— YOUR TASK —
Starting at the line that has "Data Type Conversion1/1 -> Switch2/1" and stopping after the line that has "Switch/1 -> Delay_Switch/1", reproduce the listing below exactly; omit everything else.

· · · ·

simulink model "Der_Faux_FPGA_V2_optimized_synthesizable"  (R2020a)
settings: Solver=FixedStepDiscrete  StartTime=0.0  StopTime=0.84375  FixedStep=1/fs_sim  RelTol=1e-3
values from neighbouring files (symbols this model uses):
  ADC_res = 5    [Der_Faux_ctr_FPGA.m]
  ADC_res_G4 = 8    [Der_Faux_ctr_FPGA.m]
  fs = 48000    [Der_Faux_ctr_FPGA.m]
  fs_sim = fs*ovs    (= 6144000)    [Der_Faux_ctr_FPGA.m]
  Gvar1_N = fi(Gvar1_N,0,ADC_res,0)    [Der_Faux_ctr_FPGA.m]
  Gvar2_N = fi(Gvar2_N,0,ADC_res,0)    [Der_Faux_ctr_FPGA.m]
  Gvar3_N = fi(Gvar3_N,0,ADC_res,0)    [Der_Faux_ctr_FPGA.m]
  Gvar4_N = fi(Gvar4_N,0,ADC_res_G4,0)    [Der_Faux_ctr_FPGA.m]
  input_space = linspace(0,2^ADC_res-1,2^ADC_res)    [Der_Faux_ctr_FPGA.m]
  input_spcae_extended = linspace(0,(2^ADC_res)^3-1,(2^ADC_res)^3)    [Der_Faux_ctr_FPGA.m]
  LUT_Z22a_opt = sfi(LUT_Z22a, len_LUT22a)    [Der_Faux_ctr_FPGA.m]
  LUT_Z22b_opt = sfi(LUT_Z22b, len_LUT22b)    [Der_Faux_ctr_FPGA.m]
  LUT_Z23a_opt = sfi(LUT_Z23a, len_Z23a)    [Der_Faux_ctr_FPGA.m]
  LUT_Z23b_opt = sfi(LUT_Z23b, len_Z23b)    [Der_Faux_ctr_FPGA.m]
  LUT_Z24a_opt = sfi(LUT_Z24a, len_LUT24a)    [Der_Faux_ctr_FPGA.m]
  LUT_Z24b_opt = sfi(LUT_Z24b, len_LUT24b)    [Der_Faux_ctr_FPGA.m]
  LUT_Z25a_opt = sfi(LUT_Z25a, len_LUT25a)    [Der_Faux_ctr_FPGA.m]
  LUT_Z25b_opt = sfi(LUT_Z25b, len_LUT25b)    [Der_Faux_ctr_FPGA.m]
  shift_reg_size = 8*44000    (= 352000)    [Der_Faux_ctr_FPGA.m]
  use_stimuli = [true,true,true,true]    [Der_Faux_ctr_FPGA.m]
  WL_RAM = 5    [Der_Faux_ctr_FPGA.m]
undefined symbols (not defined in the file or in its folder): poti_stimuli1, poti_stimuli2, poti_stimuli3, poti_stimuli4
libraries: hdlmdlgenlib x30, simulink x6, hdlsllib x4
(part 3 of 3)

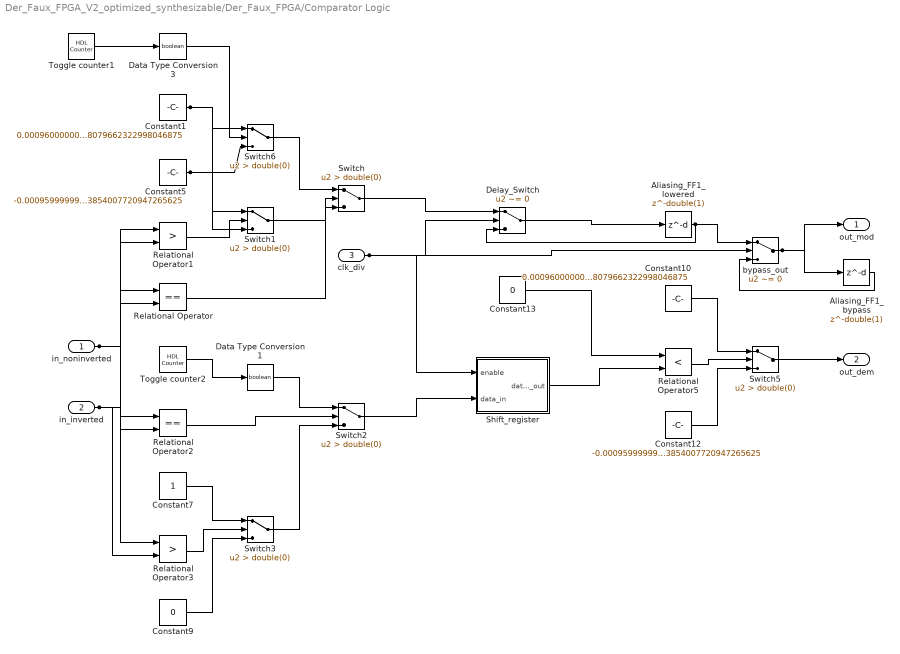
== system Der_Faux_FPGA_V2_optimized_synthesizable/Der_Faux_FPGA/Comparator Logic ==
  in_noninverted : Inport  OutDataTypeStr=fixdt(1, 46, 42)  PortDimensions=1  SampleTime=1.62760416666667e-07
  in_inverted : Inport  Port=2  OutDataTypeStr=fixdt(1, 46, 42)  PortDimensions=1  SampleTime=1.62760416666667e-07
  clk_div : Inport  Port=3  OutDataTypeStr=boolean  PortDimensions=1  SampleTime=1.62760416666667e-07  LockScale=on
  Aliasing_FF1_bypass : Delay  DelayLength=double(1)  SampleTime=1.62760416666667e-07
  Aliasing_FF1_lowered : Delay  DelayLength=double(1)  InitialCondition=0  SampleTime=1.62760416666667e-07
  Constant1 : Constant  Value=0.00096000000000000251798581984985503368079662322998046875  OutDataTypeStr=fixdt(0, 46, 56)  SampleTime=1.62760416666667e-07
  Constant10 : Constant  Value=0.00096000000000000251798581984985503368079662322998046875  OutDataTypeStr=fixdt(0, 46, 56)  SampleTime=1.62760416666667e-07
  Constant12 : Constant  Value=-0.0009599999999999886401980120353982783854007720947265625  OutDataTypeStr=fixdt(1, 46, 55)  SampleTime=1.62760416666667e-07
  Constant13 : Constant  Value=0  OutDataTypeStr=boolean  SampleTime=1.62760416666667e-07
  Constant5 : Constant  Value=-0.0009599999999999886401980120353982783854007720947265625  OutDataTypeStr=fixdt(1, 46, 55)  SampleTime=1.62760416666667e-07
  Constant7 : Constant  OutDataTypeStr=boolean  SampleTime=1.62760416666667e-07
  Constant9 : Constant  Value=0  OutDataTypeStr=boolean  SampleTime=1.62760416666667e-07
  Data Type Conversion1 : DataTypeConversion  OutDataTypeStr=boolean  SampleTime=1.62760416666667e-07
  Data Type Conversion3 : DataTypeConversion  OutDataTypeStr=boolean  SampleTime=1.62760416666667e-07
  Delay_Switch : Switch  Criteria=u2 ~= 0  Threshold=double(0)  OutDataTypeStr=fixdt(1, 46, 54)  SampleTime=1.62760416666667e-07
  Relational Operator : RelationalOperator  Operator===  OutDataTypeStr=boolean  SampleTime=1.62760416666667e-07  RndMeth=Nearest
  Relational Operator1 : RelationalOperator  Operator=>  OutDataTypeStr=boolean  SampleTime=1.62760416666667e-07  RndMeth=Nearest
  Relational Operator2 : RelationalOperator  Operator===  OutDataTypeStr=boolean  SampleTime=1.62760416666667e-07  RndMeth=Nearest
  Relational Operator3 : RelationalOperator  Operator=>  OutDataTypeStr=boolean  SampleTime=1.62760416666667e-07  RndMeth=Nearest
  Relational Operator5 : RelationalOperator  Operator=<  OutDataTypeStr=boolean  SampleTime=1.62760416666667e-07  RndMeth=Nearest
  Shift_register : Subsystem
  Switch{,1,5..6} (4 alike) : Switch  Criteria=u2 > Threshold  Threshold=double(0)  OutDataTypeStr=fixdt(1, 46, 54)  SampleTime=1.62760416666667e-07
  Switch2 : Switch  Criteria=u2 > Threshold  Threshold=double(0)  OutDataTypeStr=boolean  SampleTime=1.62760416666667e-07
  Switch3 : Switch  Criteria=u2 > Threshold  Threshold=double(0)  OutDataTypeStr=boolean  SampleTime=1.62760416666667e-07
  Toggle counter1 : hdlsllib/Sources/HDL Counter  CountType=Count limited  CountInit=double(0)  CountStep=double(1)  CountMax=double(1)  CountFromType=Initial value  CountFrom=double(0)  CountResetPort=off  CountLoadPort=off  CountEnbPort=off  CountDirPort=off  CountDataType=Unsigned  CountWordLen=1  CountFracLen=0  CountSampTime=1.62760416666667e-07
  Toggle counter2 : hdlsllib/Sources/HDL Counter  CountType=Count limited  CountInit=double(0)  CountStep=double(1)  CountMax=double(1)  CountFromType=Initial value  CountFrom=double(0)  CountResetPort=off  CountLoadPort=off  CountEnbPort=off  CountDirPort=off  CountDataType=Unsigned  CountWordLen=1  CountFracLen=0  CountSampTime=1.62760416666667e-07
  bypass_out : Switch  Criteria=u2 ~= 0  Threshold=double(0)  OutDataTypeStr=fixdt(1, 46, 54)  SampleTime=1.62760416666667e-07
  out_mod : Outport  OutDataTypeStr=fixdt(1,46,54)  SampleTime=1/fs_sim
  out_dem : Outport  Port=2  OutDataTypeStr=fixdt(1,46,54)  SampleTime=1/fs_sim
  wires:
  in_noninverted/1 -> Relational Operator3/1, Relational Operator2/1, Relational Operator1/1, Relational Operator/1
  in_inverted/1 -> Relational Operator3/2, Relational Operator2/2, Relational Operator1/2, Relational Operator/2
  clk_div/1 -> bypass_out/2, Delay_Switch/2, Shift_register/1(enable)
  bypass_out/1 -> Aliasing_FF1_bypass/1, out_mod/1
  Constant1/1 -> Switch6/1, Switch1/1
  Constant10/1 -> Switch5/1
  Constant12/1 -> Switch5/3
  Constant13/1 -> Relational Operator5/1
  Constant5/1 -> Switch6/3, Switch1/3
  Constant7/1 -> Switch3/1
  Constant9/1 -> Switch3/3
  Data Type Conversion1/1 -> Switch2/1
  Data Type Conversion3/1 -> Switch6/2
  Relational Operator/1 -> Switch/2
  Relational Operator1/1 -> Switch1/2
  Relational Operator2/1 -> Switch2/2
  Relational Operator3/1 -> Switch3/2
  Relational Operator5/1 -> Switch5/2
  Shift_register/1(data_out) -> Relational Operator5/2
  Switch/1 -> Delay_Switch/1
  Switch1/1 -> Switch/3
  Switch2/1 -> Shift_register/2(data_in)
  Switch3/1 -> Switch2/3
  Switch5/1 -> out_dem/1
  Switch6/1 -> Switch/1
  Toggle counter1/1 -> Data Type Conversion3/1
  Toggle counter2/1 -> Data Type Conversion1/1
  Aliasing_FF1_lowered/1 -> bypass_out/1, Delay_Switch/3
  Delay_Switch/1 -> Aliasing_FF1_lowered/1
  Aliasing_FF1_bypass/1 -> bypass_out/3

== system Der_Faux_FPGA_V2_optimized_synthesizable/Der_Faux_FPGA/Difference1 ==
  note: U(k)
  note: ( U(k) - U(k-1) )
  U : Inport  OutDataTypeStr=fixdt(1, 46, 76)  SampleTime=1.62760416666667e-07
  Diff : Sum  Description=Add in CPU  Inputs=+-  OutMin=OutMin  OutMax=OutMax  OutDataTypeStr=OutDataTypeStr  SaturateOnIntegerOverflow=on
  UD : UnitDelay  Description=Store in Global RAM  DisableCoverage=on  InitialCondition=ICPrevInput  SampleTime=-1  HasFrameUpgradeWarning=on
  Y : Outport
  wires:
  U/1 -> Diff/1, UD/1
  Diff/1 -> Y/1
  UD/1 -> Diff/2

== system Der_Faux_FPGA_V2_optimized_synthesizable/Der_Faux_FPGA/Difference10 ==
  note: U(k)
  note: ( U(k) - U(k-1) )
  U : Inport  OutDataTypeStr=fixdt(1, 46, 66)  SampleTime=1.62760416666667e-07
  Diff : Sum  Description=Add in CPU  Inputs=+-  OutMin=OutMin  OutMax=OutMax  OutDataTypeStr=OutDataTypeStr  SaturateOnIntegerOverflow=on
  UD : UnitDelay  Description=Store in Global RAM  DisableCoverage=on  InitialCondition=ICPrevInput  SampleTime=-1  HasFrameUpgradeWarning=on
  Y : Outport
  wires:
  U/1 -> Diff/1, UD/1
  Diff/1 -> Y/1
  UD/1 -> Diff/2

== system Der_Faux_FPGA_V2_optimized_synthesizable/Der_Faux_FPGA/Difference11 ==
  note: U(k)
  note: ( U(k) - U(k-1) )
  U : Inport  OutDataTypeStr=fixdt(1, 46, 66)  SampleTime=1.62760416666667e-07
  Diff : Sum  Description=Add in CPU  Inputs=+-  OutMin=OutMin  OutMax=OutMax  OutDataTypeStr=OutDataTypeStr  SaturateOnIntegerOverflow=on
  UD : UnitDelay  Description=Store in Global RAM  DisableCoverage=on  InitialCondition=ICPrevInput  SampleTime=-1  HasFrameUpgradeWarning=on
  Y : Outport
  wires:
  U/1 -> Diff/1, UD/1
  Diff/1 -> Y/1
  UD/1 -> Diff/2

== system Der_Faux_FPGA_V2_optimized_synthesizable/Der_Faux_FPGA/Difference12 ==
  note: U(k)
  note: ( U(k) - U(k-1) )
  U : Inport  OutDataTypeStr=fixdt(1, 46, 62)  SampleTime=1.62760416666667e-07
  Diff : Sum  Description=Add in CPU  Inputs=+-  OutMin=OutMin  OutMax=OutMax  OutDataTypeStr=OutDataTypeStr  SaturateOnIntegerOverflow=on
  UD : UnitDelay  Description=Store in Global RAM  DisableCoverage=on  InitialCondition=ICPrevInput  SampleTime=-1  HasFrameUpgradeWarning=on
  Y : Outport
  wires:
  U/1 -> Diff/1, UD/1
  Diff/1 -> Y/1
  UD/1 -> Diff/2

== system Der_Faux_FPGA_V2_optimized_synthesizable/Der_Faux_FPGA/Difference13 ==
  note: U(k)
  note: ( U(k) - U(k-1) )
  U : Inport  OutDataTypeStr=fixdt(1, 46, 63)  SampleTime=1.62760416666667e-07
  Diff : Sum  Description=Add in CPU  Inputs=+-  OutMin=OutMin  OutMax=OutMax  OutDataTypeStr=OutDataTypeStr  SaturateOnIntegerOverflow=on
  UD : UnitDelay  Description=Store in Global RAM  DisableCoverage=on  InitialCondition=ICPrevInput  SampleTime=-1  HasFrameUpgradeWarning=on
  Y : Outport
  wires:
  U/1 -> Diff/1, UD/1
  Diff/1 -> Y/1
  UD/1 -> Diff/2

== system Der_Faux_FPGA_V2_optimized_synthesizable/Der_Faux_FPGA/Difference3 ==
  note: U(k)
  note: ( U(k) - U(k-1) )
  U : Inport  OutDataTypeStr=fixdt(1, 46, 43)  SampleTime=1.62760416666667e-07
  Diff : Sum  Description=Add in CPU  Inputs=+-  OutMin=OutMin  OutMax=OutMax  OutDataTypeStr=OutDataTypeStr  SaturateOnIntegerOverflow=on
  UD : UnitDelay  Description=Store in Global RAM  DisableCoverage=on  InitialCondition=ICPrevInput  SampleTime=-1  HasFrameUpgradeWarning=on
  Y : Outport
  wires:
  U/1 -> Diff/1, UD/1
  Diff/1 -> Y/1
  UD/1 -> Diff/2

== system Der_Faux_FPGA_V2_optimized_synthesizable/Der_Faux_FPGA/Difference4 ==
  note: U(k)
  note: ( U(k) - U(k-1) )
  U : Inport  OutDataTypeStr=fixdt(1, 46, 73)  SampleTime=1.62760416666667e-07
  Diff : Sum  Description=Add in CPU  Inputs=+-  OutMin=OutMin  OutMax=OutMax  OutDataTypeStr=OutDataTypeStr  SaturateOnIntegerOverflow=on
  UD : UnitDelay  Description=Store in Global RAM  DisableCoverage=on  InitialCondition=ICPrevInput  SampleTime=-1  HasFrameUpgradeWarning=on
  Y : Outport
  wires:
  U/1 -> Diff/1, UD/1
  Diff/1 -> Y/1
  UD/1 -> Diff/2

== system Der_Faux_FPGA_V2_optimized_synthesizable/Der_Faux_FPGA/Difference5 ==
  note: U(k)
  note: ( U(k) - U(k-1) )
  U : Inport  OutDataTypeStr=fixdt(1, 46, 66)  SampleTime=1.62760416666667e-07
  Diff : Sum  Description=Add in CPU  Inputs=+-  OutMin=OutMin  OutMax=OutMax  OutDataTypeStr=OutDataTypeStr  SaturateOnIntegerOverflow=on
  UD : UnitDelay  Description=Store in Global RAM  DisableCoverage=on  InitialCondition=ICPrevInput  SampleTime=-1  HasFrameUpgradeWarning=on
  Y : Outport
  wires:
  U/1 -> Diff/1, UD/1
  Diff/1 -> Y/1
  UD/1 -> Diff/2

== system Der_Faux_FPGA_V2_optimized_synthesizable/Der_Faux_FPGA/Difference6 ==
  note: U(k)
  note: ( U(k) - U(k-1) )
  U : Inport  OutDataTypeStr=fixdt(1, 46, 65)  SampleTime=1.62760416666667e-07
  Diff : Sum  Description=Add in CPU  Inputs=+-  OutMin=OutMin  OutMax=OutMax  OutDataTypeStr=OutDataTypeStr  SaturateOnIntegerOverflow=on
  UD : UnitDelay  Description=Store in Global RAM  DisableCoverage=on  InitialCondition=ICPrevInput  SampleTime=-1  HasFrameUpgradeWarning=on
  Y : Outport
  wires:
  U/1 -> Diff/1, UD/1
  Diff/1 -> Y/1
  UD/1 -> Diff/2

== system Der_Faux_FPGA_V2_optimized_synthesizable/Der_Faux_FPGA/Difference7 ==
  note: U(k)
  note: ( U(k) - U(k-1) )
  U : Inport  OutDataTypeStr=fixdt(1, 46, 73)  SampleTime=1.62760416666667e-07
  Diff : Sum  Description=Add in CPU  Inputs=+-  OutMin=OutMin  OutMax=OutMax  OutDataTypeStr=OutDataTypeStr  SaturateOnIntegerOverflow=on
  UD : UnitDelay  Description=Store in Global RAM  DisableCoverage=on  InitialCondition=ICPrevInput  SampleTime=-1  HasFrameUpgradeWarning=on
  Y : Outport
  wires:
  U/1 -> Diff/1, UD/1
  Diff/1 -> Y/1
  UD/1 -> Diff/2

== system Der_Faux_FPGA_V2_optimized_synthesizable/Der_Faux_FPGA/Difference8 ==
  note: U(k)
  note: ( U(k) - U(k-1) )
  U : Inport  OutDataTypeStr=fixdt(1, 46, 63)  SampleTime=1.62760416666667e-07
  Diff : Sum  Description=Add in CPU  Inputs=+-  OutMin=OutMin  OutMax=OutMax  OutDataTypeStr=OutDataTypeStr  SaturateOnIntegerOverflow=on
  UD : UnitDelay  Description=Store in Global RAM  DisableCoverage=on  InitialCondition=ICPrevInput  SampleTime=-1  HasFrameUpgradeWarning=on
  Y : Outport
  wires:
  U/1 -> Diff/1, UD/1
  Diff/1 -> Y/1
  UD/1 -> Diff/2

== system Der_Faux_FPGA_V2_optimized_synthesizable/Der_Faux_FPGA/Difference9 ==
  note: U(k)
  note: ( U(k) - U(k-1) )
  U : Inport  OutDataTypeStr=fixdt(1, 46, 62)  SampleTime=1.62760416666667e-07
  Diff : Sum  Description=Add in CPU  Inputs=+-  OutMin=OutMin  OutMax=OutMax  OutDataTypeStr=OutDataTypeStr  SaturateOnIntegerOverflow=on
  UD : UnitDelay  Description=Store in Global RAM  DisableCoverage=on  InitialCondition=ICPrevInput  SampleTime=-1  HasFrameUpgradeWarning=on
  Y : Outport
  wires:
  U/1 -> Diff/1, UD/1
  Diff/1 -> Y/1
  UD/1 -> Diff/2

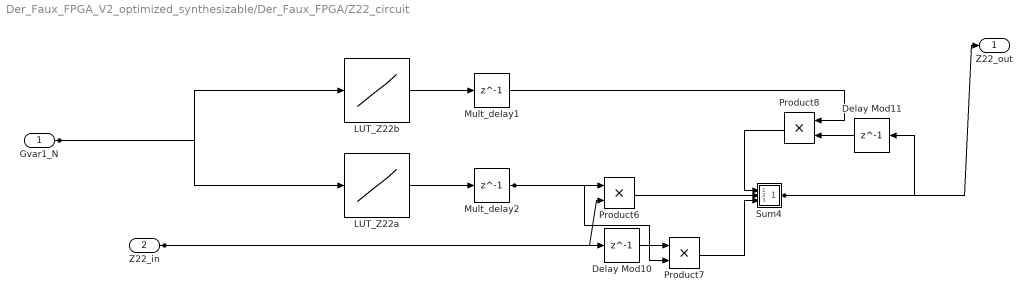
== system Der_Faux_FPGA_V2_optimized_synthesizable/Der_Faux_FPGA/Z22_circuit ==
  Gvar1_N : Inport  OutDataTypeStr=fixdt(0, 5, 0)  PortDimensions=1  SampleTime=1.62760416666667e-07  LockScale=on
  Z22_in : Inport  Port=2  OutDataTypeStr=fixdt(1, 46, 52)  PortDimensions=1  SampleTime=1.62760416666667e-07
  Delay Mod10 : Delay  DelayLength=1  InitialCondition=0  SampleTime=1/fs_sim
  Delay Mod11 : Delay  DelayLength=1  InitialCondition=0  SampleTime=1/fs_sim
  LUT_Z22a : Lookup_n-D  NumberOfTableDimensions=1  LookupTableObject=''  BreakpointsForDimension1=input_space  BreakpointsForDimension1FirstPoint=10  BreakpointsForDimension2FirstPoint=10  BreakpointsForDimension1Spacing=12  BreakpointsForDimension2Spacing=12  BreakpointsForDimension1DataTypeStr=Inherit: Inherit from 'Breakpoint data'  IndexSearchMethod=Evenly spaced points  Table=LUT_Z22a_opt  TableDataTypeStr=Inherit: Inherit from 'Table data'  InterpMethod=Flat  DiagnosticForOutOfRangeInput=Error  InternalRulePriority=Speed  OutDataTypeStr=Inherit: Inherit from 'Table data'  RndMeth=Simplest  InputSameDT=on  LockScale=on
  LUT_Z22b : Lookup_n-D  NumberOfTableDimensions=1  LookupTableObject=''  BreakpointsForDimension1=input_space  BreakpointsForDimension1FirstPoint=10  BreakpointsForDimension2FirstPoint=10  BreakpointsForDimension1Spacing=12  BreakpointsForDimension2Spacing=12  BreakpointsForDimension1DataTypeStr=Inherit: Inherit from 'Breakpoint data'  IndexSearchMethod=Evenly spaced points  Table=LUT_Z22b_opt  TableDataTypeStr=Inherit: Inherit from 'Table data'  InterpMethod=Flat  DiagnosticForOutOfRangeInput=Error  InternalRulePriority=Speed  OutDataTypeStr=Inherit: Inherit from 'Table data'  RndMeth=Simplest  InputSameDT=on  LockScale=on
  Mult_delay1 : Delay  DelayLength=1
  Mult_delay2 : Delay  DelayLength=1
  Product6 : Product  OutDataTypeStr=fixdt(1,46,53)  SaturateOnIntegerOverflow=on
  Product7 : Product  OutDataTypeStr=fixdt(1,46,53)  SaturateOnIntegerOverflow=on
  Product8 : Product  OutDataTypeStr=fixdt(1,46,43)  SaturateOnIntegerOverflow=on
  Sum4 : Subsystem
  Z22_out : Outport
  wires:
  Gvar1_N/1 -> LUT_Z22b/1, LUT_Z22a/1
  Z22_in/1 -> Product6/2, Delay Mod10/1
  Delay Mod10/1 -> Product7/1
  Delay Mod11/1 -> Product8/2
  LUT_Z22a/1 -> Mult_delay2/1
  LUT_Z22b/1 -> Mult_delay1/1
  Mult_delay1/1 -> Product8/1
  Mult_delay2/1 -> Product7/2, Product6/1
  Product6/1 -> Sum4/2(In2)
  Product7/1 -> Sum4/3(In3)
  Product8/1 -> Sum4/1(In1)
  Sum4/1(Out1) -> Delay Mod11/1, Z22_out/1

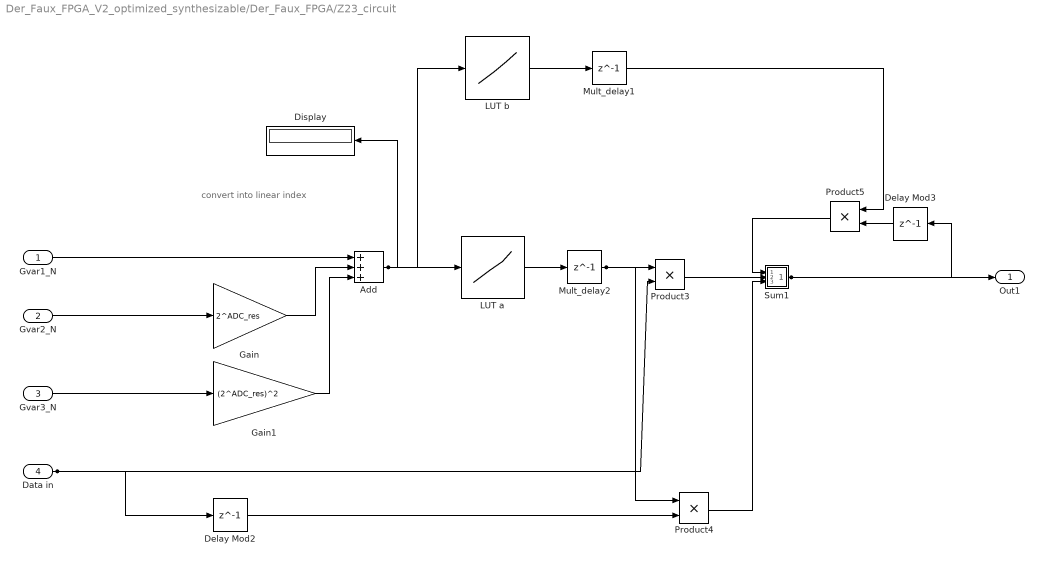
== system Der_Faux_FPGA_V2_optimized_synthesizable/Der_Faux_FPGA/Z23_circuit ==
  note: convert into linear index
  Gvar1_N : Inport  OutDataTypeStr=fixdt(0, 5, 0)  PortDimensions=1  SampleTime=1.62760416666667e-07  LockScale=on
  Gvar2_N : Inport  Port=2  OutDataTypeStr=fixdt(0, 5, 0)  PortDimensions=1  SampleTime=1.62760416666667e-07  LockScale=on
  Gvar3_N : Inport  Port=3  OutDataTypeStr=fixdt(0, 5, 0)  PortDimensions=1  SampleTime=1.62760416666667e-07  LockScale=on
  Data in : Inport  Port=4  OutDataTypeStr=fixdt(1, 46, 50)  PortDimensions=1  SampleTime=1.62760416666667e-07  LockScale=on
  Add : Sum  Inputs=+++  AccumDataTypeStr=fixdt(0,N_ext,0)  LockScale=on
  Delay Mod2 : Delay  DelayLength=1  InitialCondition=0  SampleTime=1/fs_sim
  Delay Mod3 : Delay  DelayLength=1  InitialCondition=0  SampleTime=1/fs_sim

· · · ·

— YOUR SOLUTION —
  Data Type Conversion1/1 -> Switch2/1
  Data Type Conversion3/1 -> Switch6/2
  Relational Operator/1 -> Switch/2
  Relational Operator1/1 -> Switch1/2
  Relational Operator2/1 -> Switch2/2
  Relational Operator3/1 -> Switch3/2
  Relational Operator5/1 -> Switch5/2
  Shift_register/1(data_out) -> Relational Operator5/2
  Switch/1 -> Delay_Switch/1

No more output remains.